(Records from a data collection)
= = = =

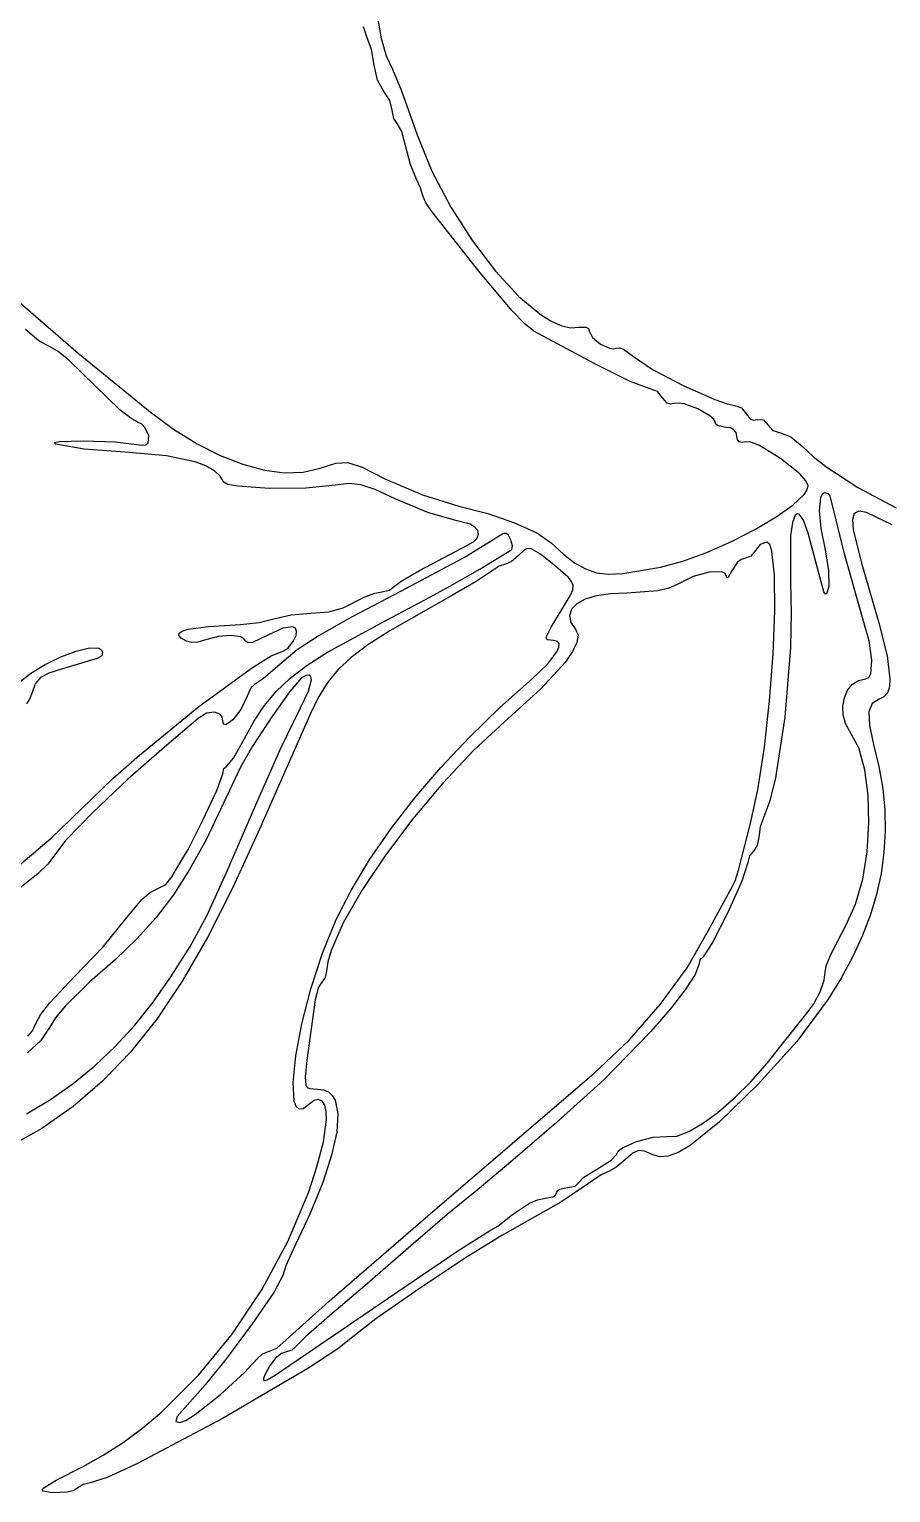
# Model space of a CAD drawing. Extents: x 56 to 1033, y 17 to 979.
# Drawn here: x 665 to 757.8, y 32.7 to 190.3 of the extents above; entities that cross this region are included whole.
import ezdxf

# ---------------------------------------------------------------- set-up
doc = ezdxf.new("R2010")
doc.units = 0

msp = doc.modelspace()

# ---------------------------------------------------------------- linework, layer by layer
at = {"layer": 'Layer 1'}
for p, q in [((702.488479, 191.892773), (702.894548, 189.495171)), ((701.38426, 189.50869), (701.011936, 190.597854)), ((701.875089, 188.156451), (701.38426, 189.50869)), ((702.894548, 189.495171), (703.454471, 187.473695)), ((702.15798, 186.47038), (701.875089, 188.156451)), ((702.522339, 184.842545), (702.15798, 186.47038)), ((703.454471, 187.473695), (704.15585, 186.03782)), ((704.15585, 186.03782), (705.104475, 183.71832)), ((703.20919, 183.63018), (702.522339, 184.842545)), ((703.856452, 182.659399), (703.20919, 183.63018)), ((705.104475, 183.71832), (706.79317, 178.96885)), ((704.12567, 181.61241), (703.856452, 182.659399)), ((704.279091, 180.739744), (704.12567, 181.61241)), ((704.64795, 180.18831), (704.279091, 180.739744)), ((705.138336, 179.312674), (704.64795, 180.18831)), ((705.58388, 177.66078), (705.138336, 179.312674)), ((706.79317, 178.96885), (708.389441, 175.041474)), ((706.076142, 175.754399), (705.58388, 177.66078)), ((706.67879, 174.26702), (706.076142, 175.754399)), ((708.389441, 175.041474), (710.417668, 171.178422)), ((707.165702, 173.254268), (706.67879, 174.26702)), ((707.37993, 172.48897), (707.165702, 173.254268)), ((707.681772, 171.726825), (707.37993, 172.48897)), ((708.37978, 170.72171), (707.681772, 171.726825)), ((713.59568, 164.09854), (708.37978, 170.72171)), ((710.417668, 171.178422), (712.744616, 167.538396)), ((712.744616, 167.538396), (715.237051, 164.2801)), ((717.039999, 160.009191), (713.59568, 164.09854)), ((715.237051, 164.2801), (717.761739, 161.562235)), ((664.105526, 160.837055), (670.291504, 155.431918)), ((717.761739, 161.562235), (720.185444, 159.543503)), ((718.440193, 158.575421), (717.039999, 160.009191)), ((720.185444, 159.543503), (721.317793, 158.845907)), ((666.072309, 156.790309), (664.63345, 157.99198)), ((719.37299, 157.82347), (718.440193, 158.575421)), ((725.92169, 154.30219), (719.37299, 157.82347)), ((721.317793, 158.845907), (722.374933, 158.382607)), ((722.374933, 158.382607), (723.34021, 158.173443)), ((723.34021, 158.173443), (724.19697, 158.23825)), ((724.19697, 158.23825), (725.005483, 158.252482)), ((725.005483, 158.252482), (725.245419, 158.09742)), ((725.245419, 158.09742), (725.3326, 157.84847)), ((725.3326, 157.84847), (725.693319, 157.12383)), ((667.39677, 156.06014), (666.072309, 156.790309)), ((725.693319, 157.12383), (726.540174, 156.425732)), ((726.540174, 156.425732), (727.520212, 155.975941)), ((668.14969, 155.61781), (667.39677, 156.06014)), ((669.280876, 154.705077), (668.14969, 155.61781)), ((672.06529, 152.00114), (669.280876, 154.705077)), ((670.291504, 155.431918), (678.04754, 149.10713)), ((727.520212, 155.975941), (727.949877, 155.913462)), ((727.949877, 155.913462), (728.28048, 155.99622)), ((728.28048, 155.99622), (728.591083, 156.027155)), ((728.591083, 156.027155), (729.034914, 155.863015)), ((729.034914, 155.863015), (730.08538, 155.07095)), ((730.08538, 155.07095), (732.155276, 153.679895)), ((729.742325, 152.396279), (725.92169, 154.30219)), ((732.155276, 153.679895), (735.502766, 151.934431)), ((674.840203, 149.31878), (672.06529, 152.00114)), ((731.89673, 151.59376), (729.742325, 152.396279)), ((732.686834, 151.304078), (731.89673, 151.59376)), ((735.502766, 151.934431), (738.868813, 150.441824)), ((733.22712, 150.63179), (732.686834, 151.304078)), ((733.73208, 150.059429), (733.22712, 150.63179)), ((734.079521, 149.960321), (733.73208, 150.059429)), ((734.43807, 150.01266), (734.079521, 149.960321)), ((734.909153, 150.067134), (734.43807, 150.01266)), ((735.544007, 149.970825), (734.909153, 150.067134)), ((737.025683, 149.45246), (735.544007, 149.970825)), ((738.868813, 150.441824), (740.165347, 149.980112)), ((740.165347, 149.980112), (740.99438, 149.80934)), ((740.99438, 149.80934), (741.711859, 149.539817)), ((675.961041, 148.429386), (674.840203, 149.31878)), ((676.70133, 148.01558), (675.961041, 148.429386)), ((678.04754, 149.10713), (680.570884, 147.255339)), ((738.324399, 148.710768), (737.025683, 149.45246)), ((738.730555, 148.335299), (738.324399, 148.710768)), ((738.88146, 147.99895), (738.730555, 148.335299)), ((741.711859, 149.539817), (742.21591, 148.89186)), ((742.21591, 148.89186), (742.708353, 148.337435)), ((742.708353, 148.337435), (743.047862, 148.241585)), ((743.047862, 148.241585), (743.39788, 148.29286)), ((743.39788, 148.29286), (744.082473, 148.261224)), ((744.082473, 148.261224), (744.56302, 147.73758)), ((677.142238, 147.80105), (676.70133, 148.01558)), ((677.49618, 147.449222), (677.142238, 147.80105)), ((677.899961, 146.553606), (677.49618, 147.449222)), ((680.570884, 147.255339), (683.098581, 145.692342)), ((738.974427, 147.78695), (738.88146, 147.99895)), ((739.227554, 147.613354), (738.974427, 147.78695)), ((740.05964, 147.45299), (739.227554, 147.613354)), ((740.534562, 147.382972), (740.05964, 147.45299)), ((740.907236, 147.187389), (740.534562, 147.382972)), ((741.15065, 146.887943), (740.907236, 147.187389)), ((741.23779, 146.50634), (741.15065, 146.887943)), ((744.56302, 147.73758), (745.097209, 147.120572)), ((745.097209, 147.120572), (745.91078, 146.86394)), ((745.91078, 146.86394), (747.030176, 146.43352)), ((667.723245, 145.823132), (668.270558, 145.944823)), ((667.89731, 145.64185), (667.723245, 145.823132)), ((670.946873, 145.118256), (667.89731, 145.64185)), ((668.270558, 145.944823), (670.849701, 146.017325)), ((670.849701, 146.017325), (674.275499, 145.875147)), ((675.79714, 144.74797), (670.946873, 145.118256)), ((674.275499, 145.875147), (677.18871, 145.53408)), ((677.18871, 145.53408), (677.583376, 145.555039)), ((677.583376, 145.555039), (677.826272, 145.768602)), ((677.826272, 145.768602), (677.899961, 146.553606)), ((683.098581, 145.692342), (685.594647, 144.430061)), ((741.297298, 146.123585), (741.23779, 146.50634)), ((741.472318, 145.893969), (741.297298, 146.123585)), ((741.757591, 145.821191), (741.472318, 145.893969)), ((742.14786, 145.90895), (741.757591, 145.821191)), ((742.741081, 145.867934), (742.14786, 145.90895)), ((743.647853, 145.497808), (742.741081, 145.867934)), ((745.917965, 144.111791), (743.647853, 145.497808)), ((747.030176, 146.43352), (748.29976, 145.39866)), ((748.29976, 145.39866), (749.429043, 144.327478)), ((679.830215, 144.395958), (675.79714, 144.74797)), ((682.90338, 143.73328), (679.830215, 144.395958)), ((684.064392, 143.290361), (682.90338, 143.73328)), ((685.594647, 144.430061), (688.023101, 143.48042)), ((688.023101, 143.48042), (690.34796, 142.855342)), ((696.34114, 143.04671), (698.049343, 143.60403)), ((698.049343, 143.60403), (699.347654, 143.672283)), ((699.347654, 143.672283), (700.89209, 143.145699)), ((747.990024, 142.434026), (745.917965, 144.111791)), ((749.429043, 144.327478), (750.820755, 143.224992)), ((684.9667, 142.775679), (684.064392, 143.290361)), ((685.604063, 142.191203), (684.9667, 142.775679)), ((685.97024, 141.5389), (685.604063, 142.191203)), ((690.34796, 142.855342), (692.533241, 142.566748)), ((692.533241, 142.566748), (694.542962, 142.626564)), ((694.542962, 142.626564), (696.34114, 143.04671)), ((700.89209, 143.145699), (703.33867, 141.91851)), ((703.33867, 141.91851), (707.392007, 140.165811)), ((748.649231, 141.699215), (747.990024, 142.434026)), ((750.820755, 143.224992), (754.263317, 140.980137)), ((686.423944, 141.293696), (685.97024, 141.5389)), ((687.498803, 141.099143), (686.423944, 141.293696)), ((690.871315, 140.878547), (687.498803, 141.099143)), ((694.80644, 140.910233), (690.871315, 140.878547)), ((698.02284, 141.22732), (694.80644, 140.910233)), ((699.432003, 141.406827), (698.02284, 141.22732)), ((700.729198, 141.275379), (699.432003, 141.406827)), ((702.275014, 140.749624), (700.729198, 141.275379)), ((704.43004, 139.74621), (702.275014, 140.749624)), ((748.46226, 140.230768), (748.784154, 140.722932)), ((748.89586, 141.14764), (748.649231, 141.699215)), ((748.784154, 140.722932), (748.89586, 141.14764)), ((750.66327, 140.38409), (750.410252, 140.250561)), ((751.07931, 140.296778), (750.66327, 140.38409)), ((754.263317, 140.980137), (758.371156, 138.772152)), ((707.944041, 138.271164), (704.43004, 139.74621)), ((707.392007, 140.165811), (711.30238, 138.97139)), ((711.30238, 138.97139), (714.402842, 138.175965)), ((745.469462, 137.806229), (747.267238, 139.087808)), ((747.267238, 139.087808), (748.46226, 140.230768)), ((750.231873, 139.871426), (750.097963, 138.505038)), ((750.410252, 140.250561), (750.231873, 139.871426)), ((751.25235, 140.0869), (751.07931, 140.296778)), ((752.809563, 133.828044), (751.25235, 140.0869)), ((710.81986, 137.46829), (707.944041, 138.271164)), ((712.498393, 137.02419), (710.81986, 137.46829)), ((714.402842, 138.175965), (717.294556, 137.169693)), ((717.294556, 137.169693), (719.669935, 136.075246)), ((743.227601, 136.4735), (745.469462, 137.806229)), ((747.208512, 137.216095), (747.009642, 135.749185)), ((747.51596, 138.001868), (747.208512, 137.216095)), ((747.704949, 138.132618), (747.51596, 138.001868)), ((747.914542, 138.085033), (747.704949, 138.132618)), ((748.386816, 137.444124), (747.914542, 138.085033)), ((748.915339, 136.057672), (748.386816, 137.444124)), ((750.097963, 138.505038), (750.259406, 136.542327)), ((753.857006, 138.182413), (753.666864, 137.526921)), ((753.666864, 137.526921), (753.757888, 136.420999)), ((754.353631, 138.42041), (753.857006, 138.182413)), ((755.182054, 138.27385), (754.353631, 138.42041)), ((757.93556, 136.958805), (755.182054, 138.27385)), ((715.75321, 135.80062), (712.161893, 133.57383)), ((713.027616, 136.702012), (712.498393, 137.02419)), ((713.338815, 136.334913), (713.027616, 136.702012)), ((713.273148, 135.531437), (713.423491, 135.939263)), ((713.423491, 135.939263), (713.338815, 136.334913)), ((716.106211, 136.014881), (715.75321, 135.80062)), ((716.399306, 136.025471), (716.106211, 136.014881)), ((716.645266, 135.827953), (716.399306, 136.025471)), ((716.85686, 135.41789), (716.645266, 135.827953)), ((719.669935, 136.075246), (721.22139, 135.0153)), ((740.700322, 135.177089), (743.227601, 136.4735)), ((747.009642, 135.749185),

= = = =

Please reproduce, exactly as they appear above, the lines from the line containing "# Drawn here: x" up to and including the line containing "msp = doc.modelspace()".

# Drawn here: x 665 to 757.8, y 32.7 to 190.3 of the extents above; entities that cross this region are included whole.
import ezdxf

# ---------------------------------------------------------------- set-up
doc = ezdxf.new("R2010")
doc.units = 0

msp = doc.modelspace()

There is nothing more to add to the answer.